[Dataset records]
####################

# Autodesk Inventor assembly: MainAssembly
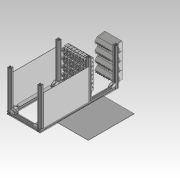
[picture p0: Inventor's stored thumbnail of the model, 180x180]
Saved by Autodesk Inventor 2020 (Build 240168000, 168)
## iProperties
Created: 2021-09-11
Part Number: MainAssembly
Document SubType Name: Assembly
Designer: DDeGo
Author: DDeGo
## Documents named in this file (11)
- C:\Users\DDeGo\Documents\Drew\Projects\Gravity-Holo-Display\cad\MainAssembly.iam
- C:\Users\DDeGo\Documents\Drew\Projects\Gravity-Holo-Display\cad\SolenoidRack.iam
- C:\Users\DDeGo\Documents\Drew\Projects\Gravity-Holo-Display\cad\Panel.ipt
- C:\Users\DDeGo\Documents\Drew\Projects\Gravity-Holo-Display\cad\Extrusion 250mm.ipt
- C:\Users\DDeGo\Documents\Drew\Projects\Gravity-Holo-Display\cad\Extrusion Corner Bracket.ipt
- C:\Users\DDeGo\Documents\Drew\Projects\Gravity-Holo-Display\cad\LedBracket.ipt
- C:\Users\DDeGo\Documents\Drew\Projects\Gravity-Holo-Display\cad\Extrusion 300mm.ipt
- C:\Users\DDeGo\Documents\Drew\Projects\Gravity-Holo-Display\cad\NozzleAligner.ipt
- C:\Users\DDeGo\Documents\Drew\Projects\Gravity-Holo-Display\cad\Extrusion 180mm.ipt
- C:\Users\DDeGo\Documents\Drew\Projects\Gravity-Holo-Display\cad\Tank_8output.ipt
- C:\Users\DDeGo\Documents\Drew\Projects\Gravity-Holo-Display\cad\DoubleSolenoidRack.iam
## Components (40 placed, 10 different names)
1. Extrusion 250mm:1 — Flush:1, Mate:5, Angle:1, Mate:8, Flush:3, Flush:9, Mate:14, Mate:17, Mate:38, Mate:47
2. Extrusion 250mm:2 — Flush:1, Mate:6, Mate:7, Flush:4, Flush:6, Mate:13, Mate:15, Flush:25, Mate:30, Mate:33, Mate:58, Mate:59, Angle:2
3. Panel:1
4. Panel:2 — Mate:7, Flush:4, Flush:5
5. Panel:3 — Mate:8, Flush:3, Flush:5
6. Extrusion 300mm:1 — Flush:9, Flush:13, Mate:16, Flush:15, Mate:22, Flush:16, Mate:23, Flush:18, Mate:36, Flush:29, Mate:43, Flush:32, Flush:35, Mate:47, Flush:37, Flush:38, Mate:48, Flush:39
7. Extrusion 300mm:2 — Flush:6, Flush:10, Mate:18, Flush:14, Mate:21, Flush:17, Mate:24, Flush:19, Mate:28, Mate:31, Flush:27, Mate:45, Flush:33, Flush:34, Flush:36, Mate:49, Mate:53, Flush:40, Mate:55, Flush:42
8. Extrusion 250mm:5 — Flush:10, Mate:20, Flush:22, Mate:29, Mate:39, Mate:49
9. Extrusion 250mm:6 — Flush:13, Mate:19, Mate:41, Mate:48, Flush:39
10. Extrusion Corner Bracket:1 — Mate:15, Mate:18, Flush:14
11. Extrusion Corner Bracket:2 — Mate:16, Mate:17, Flush:15
12. Extrusion Corner Bracket:3 — Mate:20, Mate:21, Flush:17, Mate:25
13. Extrusion Corner Bracket:4 — Mate:19, Mate:22, Flush:16
14. LedBracket:1 — Mate:24, Flush:19, Flush:20, Mate:25
15. LedBracket:2 — Mate:23, Flush:18, Flush:20
16. NozzleAligner:1
17. Extrusion 180mm:1 — Flush:22, Mate:29, Mate:40, Mate:42, Flush:30, Flush:31, Mate:44, Mate:46, Flush:36, Flush:37, Flush:38, Mate:50, Mate:51, Mate:52, Mate:60
18. Extrusion 180mm:2 — Flush:25, Mate:30, Mate:32, Flush:26, Mate:34, Mate:35, Mate:37, Flush:28, Flush:34, Flush:35, Mate:60
19. Extrusion Corner Bracket:5 — Mate:37, Mate:38, Flush:28
20. Extrusion Corner Bracket:6 — Mate:32, Mate:33, Flush:26
21. Extrusion Corner Bracket:7 — Mate:35, Mate:36, Flush:29
22. Extrusion Corner Bracket:8 — Mate:31, Flush:27, Mate:34
23. Extrusion Corner Bracket:9 — Mate:39, Mate:42, Flush:30
24. Extrusion Corner Bracket:10 — Mate:40, Mate:41, Flush:31
25. Extrusion Corner Bracket:11 — Mate:43, Mate:44, Flush:32
26. Extrusion Corner Bracket:12 — Mate:45, Mate:46, Flush:33
27. Extrusion 250mm:7 — Mate:54, Flush:41, Mate:55, Flush:42, Mate:56, Flush:43
28. Extrusion Corner Bracket:13 — Mate:53, Mate:54, Flush:40, Flush:41
29. SolenoidRack:4 [sub-assembly] — Mate:5, Angle:1, Mate:6, Mate:14
30. SolenoidRack:5 [sub-assembly]
31. SolenoidRack:6 [sub-assembly]
32. SolenoidRack:7 [sub-assembly] — Mate:13, Mate:28
33. Tank_8output:1 — Mate:56, Flush:43
34. Tank_8output:2
35. Tank_8output:3
36. Tank_8output:4
37. DoubleSolenoidRack:1 [sub-assembly] — Mate:58, Mate:59, Angle:2
38. DoubleSolenoidRack:2 [sub-assembly]
39. DoubleSolenoidRack:3 [sub-assembly]
40. DoubleSolenoidRack:4 [sub-assembly]
## Component patterns: (4 elements, first: SolenoidRack:4), (4 elements, first: Tank_8output:1), (4 elements, first: DoubleSolenoidRack:1)
## Relationships (86: Mate 49, Flush 35, Angle 2)
- Flush:1: Extrusion 250mm:1 ↔ Extrusion 250mm:2
- Mate:5 (-10 mm): Extrusion 250mm:1 ↔ SolenoidRack:4
- Angle:1 (0 deg): Extrusion 250mm:1 ↔ SolenoidRack:4
- Mate:6 (-10 mm): Extrusion 250mm:2 ↔ SolenoidRack:4
- Mate:7: Extrusion 250mm:2 ↔ Panel:2
- Mate:8: Extrusion 250mm:1 ↔ Panel:3
- Flush:3: Extrusion 250mm:1 ↔ Panel:3
- Flush:4: Extrusion 250mm:2 ↔ Panel:2
- Flush:5: Panel:2 ↔ Panel:3
- Flush:6: Extrusion 250mm:2 ↔ Extrusion 300mm:2
- Flush:9: Extrusion 250mm:1 ↔ Extrusion 300mm:1
- Flush:10: Extrusion 300mm:2 ↔ Extrusion 250mm:5
- Flush:13: Extrusion 300mm:1 ↔ Extrusion 250mm:6
- Mate:13: Extrusion 250mm:2 ↔ SolenoidRack:7
- Mate:14: Extrusion 250mm:1 ↔ SolenoidRack:4
- Mate:15: Extrusion 250mm:2 ↔ Extrusion Corner Bracket:1
- Mate:16: Extrusion 300mm:1 ↔ Extrusion Corner Bracket:2
- Mate:17: Extrusion 250mm:1 ↔ Extrusion Corner Bracket:2
- Mate:18: Extrusion 300mm:2 ↔ Extrusion Corner Bracket:1
- Flush:14: Extrusion 300mm:2 ↔ Extrusion Corner Bracket:1
- Flush:15: Extrusion 300mm:1 ↔ Extrusion Corner Bracket:2
- Mate:19: Extrusion 250mm:6 ↔ Extrusion Corner Bracket:4
- Mate:20: Extrusion 250mm:5 ↔ Extrusion Corner Bracket:3
- Mate:21: Extrusion 300mm:2 ↔ Extrusion Corner Bracket:3
- Mate:22: Extrusion 300mm:1 ↔ Extrusion Corner Bracket:4
- Flush:16: Extrusion 300mm:1 ↔ Extrusion Corner Bracket:4
- Flush:17: Extrusion 300mm:2 ↔ Extrusion Corner Bracket:3
- Mate:23: Extrusion 300mm:1 ↔ LedBracket:2
- Mate:24: Extrusion 300mm:2 ↔ LedBracket:1
- Flush:18: Extrusion 300mm:1 ↔ LedBracket:2
- Flush:19: Extrusion 300mm:2 ↔ LedBracket:1
- Flush:20: LedBracket:1 ↔ LedBracket:2
- Mate:25 (2 mm): Extrusion Corner Bracket:3 ↔ LedBracket:1
- Mate:28 (25 mm): Extrusion 300mm:2 ↔ SolenoidRack:7
- Flush:22: Extrusion 250mm:5 ↔ Extrusion 180mm:1
- Mate:29: Extrusion 250mm:5 ↔ Extrusion 180mm:1
- Flush:25: Extrusion 250mm:2 ↔ Extrusion 180mm:2
- Mate:30: Extrusion 250mm:2 ↔ Extrusion 180mm:2
- Mate:31: Extrusion 300mm:2 ↔ Extrusion Corner Bracket:8
- Mate:32: Extrusion 180mm:2 ↔ Extrusion Corner Bracket:6
- Mate:33: Extrusion 250mm:2 ↔ Extrusion Corner Bracket:6
- Flush:26: Extrusion 180mm:2 ↔ Extrusion Corner Bracket:6
- Flush:27: Extrusion 300mm:2 ↔ Extrusion Corner Bracket:8
- Mate:34: Extrusion 180mm:2 ↔ Extrusion Corner Bracket:8
- Mate:35: Extrusion 180mm:2 ↔ Extrusion Corner Bracket:7
- Mate:36: Extrusion 300mm:1 ↔ Extrusion Corner Bracket:7
- Mate:37: Extrusion 180mm:2 ↔ Extrusion Corner Bracket:5
- Mate:38: Extrusion 250mm:1 ↔ Extrusion Corner Bracket:5
- Flush:28: Extrusion 180mm:2 ↔ Extrusion Corner Bracket:5
- Flush:29: Extrusion 300mm:1 ↔ Extrusion Corner Bracket:7
- Mate:39: Extrusion 250mm:5 ↔ Extrusion Corner Bracket:9
- Mate:40: Extrusion 180mm:1 ↔ Extrusion Corner Bracket:10
- Mate:41: Extrusion 250mm:6 ↔ Extrusion Corner Bracket:10
- Mate:42: Extrusion 180mm:1 ↔ Extrusion Corner Bracket:9
- Flush:30: Extrusion 180mm:1 ↔ Extrusion Corner Bracket:9
- Flush:31: Extrusion 180mm:1 ↔ Extrusion Corner Bracket:10
- Mate:43: Extrusion 300mm:1 ↔ Extrusion Corner Bracket:11
- Mate:44: Extrusion 180mm:1 ↔ Extrusion Corner Bracket:11
- Flush:32: Extrusion 300mm:1 ↔ Extrusion Corner Bracket:11
- Mate:45: Extrusion 300mm:2 ↔ Extrusion Corner Bracket:12
- Mate:46: Extrusion 180mm:1 ↔ Extrusion Corner Bracket:12
- Flush:33: Extrusion 300mm:2 ↔ Extrusion Corner Bracket:12
- Flush:34: Extrusion 300mm:2 ↔ Extrusion 180mm:2
- Flush:35: Extrusion 300mm:1 ↔ Extrusion 180mm:2
- Mate:47: Extrusion 250mm:1 ↔ Extrusion 300mm:1
- Flush:36: Extrusion 300mm:2 ↔ Extrusion 180mm:1
- Flush:37: Extrusion 300mm:1 ↔ Extrusion 180mm:1
- Flush:38: Extrusion 300mm:1 ↔ Extrusion 180mm:1
- Mate:48: Extrusion 300mm:1 ↔ Extrusion 250mm:6
- Flush:39: Extrusion 300mm:1 ↔ Extrusion 250mm:6
- Mate:49: Extrusion 300mm:2 ↔ Extrusion 250mm:5
- Mate:50: Extrusion 180mm:1
- Mate:51: Extrusion 180mm:1
- Mate:52: Extrusion 180mm:1
- Mate:53: Extrusion 300mm:2 ↔ Extrusion Corner Bracket:13
- Mate:54: Extrusion 250mm:7 ↔ Extrusion Corner Bracket:13
- Flush:40: Extrusion 300mm:2 ↔ Extrusion Corner Bracket:13
- Flush:41: Extrusion 250mm:7 ↔ Extrusion Corner Bracket:13
- Mate:55: Extrusion 300mm:2 ↔ Extrusion 250mm:7
- Flush:42: Extrusion 300mm:2 ↔ Extrusion 250mm:7
- Mate:56: Extrusion 250mm:7 ↔ Tank_8output:1
- Flush:43: Extrusion 250mm:7 ↔ Tank_8output:1
- Mate:58: Extrusion 250mm:2 ↔ DoubleSolenoidRack:1
- Mate:59 (-10 mm): Extrusion 250mm:2 ↔ DoubleSolenoidRack:1
- Mate:60 (300 mm): Extrusion 180mm:1 ↔ Extrusion 180mm:2
- Angle:2 (0 deg): Extrusion 250mm:2 ↔ DoubleSolenoidRack:1

####################

WORK ITEM: In the entries above, restate word for word the lines between the one holding "19. Extrusion Corner" and the one holding "24. Extrusion Corner", inclusive, and nothing besides.

WRITTEN RESPONSE:
19. Extrusion Corner Bracket:5 — Mate:37, Mate:38, Flush:28
20. Extrusion Corner Bracket:6 — Mate:32, Mate:33, Flush:26
21. Extrusion Corner Bracket:7 — Mate:35, Mate:36, Flush:29
22. Extrusion Corner Bracket:8 — Mate:31, Flush:27, Mate:34
23. Extrusion Corner Bracket:9 — Mate:39, Mate:42, Flush:30
24. Extrusion Corner Bracket:10 — Mate:40, Mate:41, Flush:31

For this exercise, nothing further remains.